START Data listing

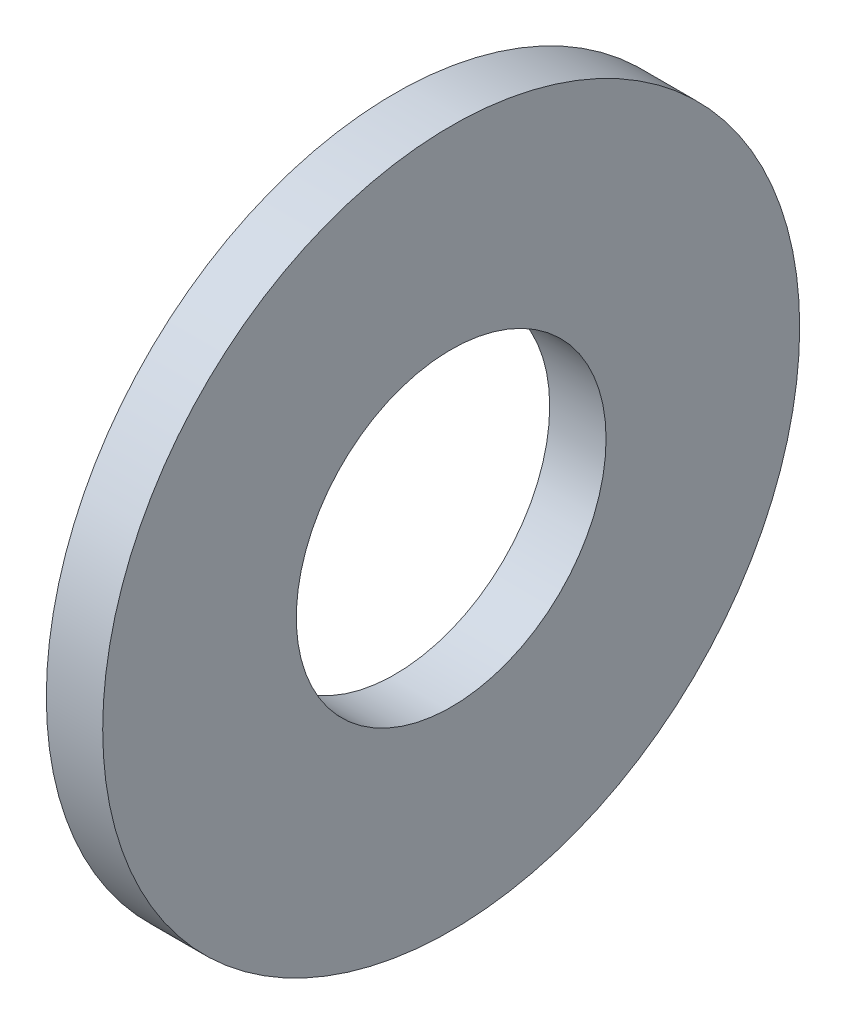
SolidWorks part; units mm, degrees
ref_plane "Front Plane" through (0, 0, 0) normal (0, 0, 1) x (1, 0, 0)
ref_plane "Top Plane" through (0, 0, 0) normal (0, 1, 0) x (1, 0, 0)
ref_plane "Right Plane" through (0, 0, 0) normal (1, 0, 0) x (0, 0, -1)
sketch "Sketch1" plane through (0, 0, 0) normal (1, 0, 0) x (0, 0, -1)
  circle A0 centre (0, 0) radius 14.2875
  circle A1 centre (0, 0) radius 6.35
  dimension "OD" = 28.575
  dimension "ID" = 12.7
extrude "Boss-Extrude1" add sketch "Sketch1" along normal blind 2.3114

END Data listing

# What this task involves
For this exercise, the answer is the lines from the one containing "circle A0 centre (0, 0) radius 14.2875" through the end of the listing above, reproduced exactly.

# Answer to this exercise
  circle A0 centre (0, 0) radius 14.2875
  circle A1 centre (0, 0) radius 6.35
  dimension "OD" = 28.575
  dimension "ID" = 12.7
extrude "Boss-Extrude1" add sketch "Sketch1" along normal blind 2.3114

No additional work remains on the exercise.